The Democratic People's Republic of Korea (DPRK) on Friday accused South Korean authorities of smearing it in connection with a recent shelling case near Yonphyong Island, the official news agency KCNA reported.
According to the KCNA, the Secretariat of the Committee for the Peaceful Reunification of Korea issued bulletin No. 978 on Friday to denounce South Korean authorities for accusing the DPRK of firing shells into the waters near Yonphyong Island, saying the "conspiratorial moves" proved they "engrossed in escalating confrontation and breeding plots."
The bulletin said the south once described blasting for the construction of a power station in Ryanggang Province of the DPRK as a "mushroom cloud" and "nuclear test," called a timber floating in the East Sea of Korea a submarine of the north, announced that it detected a submarine of the north by radar after it was proven to be a flock of birds and misjudged its passenger airline as an "enemy plane" and fired at it.
Thus, "the current shelling case is nothing but an extension of such burlesque," clearly proved that all the "cases" for which the south blamed the DPRK in the past were fabricated in such a manner, the bulletin said.
The provocative conspiratorial moves of the south are aimed at faking another shocking case in the wake of that of last year to chill the atmosphere for improvement of inter-Korean relations, maintain the confrontation policy, divert elsewhere the public attention from the internal crisis and stymie the efforts to defuse the tension on the Korean Peninsula, said the bulletin.

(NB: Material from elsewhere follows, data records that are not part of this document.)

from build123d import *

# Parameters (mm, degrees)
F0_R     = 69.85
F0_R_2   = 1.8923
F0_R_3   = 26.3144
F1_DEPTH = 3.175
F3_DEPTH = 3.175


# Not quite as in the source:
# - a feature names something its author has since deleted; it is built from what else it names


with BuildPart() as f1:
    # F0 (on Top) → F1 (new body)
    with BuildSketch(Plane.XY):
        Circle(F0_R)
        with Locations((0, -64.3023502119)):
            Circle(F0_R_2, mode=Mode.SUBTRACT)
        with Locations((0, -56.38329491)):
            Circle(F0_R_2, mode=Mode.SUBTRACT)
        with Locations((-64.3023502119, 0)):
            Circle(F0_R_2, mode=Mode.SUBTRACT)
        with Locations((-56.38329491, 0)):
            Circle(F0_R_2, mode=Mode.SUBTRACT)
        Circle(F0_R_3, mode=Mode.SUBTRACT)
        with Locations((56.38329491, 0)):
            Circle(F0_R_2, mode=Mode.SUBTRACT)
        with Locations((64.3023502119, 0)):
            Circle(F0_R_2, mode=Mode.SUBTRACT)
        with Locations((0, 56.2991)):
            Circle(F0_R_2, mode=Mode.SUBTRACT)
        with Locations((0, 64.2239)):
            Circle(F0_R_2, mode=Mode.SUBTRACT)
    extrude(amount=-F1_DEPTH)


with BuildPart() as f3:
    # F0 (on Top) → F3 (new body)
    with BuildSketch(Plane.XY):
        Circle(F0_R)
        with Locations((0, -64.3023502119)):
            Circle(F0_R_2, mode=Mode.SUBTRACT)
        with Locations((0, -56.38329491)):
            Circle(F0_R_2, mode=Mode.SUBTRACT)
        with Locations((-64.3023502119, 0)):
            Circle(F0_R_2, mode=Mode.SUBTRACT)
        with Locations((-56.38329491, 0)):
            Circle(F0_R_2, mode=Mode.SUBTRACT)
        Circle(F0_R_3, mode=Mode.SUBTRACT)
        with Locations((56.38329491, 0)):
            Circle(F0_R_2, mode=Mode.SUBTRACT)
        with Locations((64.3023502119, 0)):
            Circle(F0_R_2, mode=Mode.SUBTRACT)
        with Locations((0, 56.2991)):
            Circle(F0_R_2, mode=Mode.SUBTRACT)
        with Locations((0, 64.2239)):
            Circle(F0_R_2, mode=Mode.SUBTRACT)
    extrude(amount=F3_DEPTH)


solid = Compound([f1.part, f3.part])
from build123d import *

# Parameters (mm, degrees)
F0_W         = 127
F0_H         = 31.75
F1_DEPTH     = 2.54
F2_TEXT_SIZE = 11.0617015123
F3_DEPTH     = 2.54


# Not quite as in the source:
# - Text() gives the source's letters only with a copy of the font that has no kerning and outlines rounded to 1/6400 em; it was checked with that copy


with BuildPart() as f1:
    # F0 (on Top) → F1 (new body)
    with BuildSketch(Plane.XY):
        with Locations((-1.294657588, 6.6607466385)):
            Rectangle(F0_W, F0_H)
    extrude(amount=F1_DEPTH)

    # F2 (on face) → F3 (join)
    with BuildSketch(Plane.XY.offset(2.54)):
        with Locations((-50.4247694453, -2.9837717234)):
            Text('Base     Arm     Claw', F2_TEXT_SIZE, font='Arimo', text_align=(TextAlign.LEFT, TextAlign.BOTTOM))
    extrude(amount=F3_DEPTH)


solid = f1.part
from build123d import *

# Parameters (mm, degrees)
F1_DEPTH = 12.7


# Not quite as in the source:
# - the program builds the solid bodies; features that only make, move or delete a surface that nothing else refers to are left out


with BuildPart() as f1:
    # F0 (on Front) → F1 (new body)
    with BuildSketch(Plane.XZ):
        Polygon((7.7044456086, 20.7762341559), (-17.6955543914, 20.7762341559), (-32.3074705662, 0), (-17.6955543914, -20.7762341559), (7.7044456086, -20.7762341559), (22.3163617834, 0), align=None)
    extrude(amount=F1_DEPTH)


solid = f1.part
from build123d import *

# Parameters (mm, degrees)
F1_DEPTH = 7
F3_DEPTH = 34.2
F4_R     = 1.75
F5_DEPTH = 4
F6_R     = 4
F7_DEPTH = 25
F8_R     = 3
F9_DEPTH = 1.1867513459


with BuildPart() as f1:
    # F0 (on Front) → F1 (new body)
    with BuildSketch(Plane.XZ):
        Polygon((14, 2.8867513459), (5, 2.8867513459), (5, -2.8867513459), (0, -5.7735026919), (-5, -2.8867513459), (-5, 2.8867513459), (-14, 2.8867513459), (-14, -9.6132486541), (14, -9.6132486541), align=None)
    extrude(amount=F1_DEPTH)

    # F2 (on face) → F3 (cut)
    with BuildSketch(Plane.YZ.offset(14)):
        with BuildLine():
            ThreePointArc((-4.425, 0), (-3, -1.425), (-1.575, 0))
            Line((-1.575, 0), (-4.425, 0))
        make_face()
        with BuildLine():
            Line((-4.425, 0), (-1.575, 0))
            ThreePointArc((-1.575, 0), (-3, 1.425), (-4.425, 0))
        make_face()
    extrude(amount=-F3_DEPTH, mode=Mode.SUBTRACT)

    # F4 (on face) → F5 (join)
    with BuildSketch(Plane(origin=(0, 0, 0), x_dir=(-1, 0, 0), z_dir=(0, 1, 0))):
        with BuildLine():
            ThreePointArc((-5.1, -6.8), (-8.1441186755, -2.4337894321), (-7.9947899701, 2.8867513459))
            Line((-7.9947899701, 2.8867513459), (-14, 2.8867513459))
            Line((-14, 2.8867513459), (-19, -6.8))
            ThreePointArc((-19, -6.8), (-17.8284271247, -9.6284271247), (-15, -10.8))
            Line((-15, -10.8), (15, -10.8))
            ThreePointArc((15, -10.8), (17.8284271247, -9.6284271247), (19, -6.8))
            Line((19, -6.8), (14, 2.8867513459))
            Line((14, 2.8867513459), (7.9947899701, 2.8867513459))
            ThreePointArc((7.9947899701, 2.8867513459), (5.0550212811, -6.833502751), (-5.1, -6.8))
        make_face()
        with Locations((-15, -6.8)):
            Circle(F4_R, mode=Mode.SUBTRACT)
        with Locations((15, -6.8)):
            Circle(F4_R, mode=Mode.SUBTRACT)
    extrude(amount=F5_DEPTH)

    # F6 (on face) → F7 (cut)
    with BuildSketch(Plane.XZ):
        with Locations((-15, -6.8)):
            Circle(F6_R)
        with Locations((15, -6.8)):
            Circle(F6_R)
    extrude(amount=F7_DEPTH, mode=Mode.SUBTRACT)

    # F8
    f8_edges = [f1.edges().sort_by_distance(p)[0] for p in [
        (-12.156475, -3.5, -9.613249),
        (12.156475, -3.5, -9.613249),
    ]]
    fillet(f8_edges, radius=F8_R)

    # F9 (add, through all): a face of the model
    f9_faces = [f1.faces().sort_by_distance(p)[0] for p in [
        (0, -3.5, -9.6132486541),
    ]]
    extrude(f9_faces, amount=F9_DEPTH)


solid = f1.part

The bulletin urged South Korean authorities to "cool its head, overheated with confrontational ambition, act with discretion and give up the foolish anti-DPRK conspiratorial and reckless moves for a war against the DPRK if it does not want self-destruction."
On Wednesday, South Korea fired shots in response to what it said was a sound of artillery shells presumably fired by the DPRK, one of which fell near the disputed maritime border Pyongyang refuses to acknowledge.
The head of the north side to the north-south military working-level talks said on Aug. 10 that it hadn't fired shots to the disputed western sea border and sound of "shelling" was actually blasting for construction work.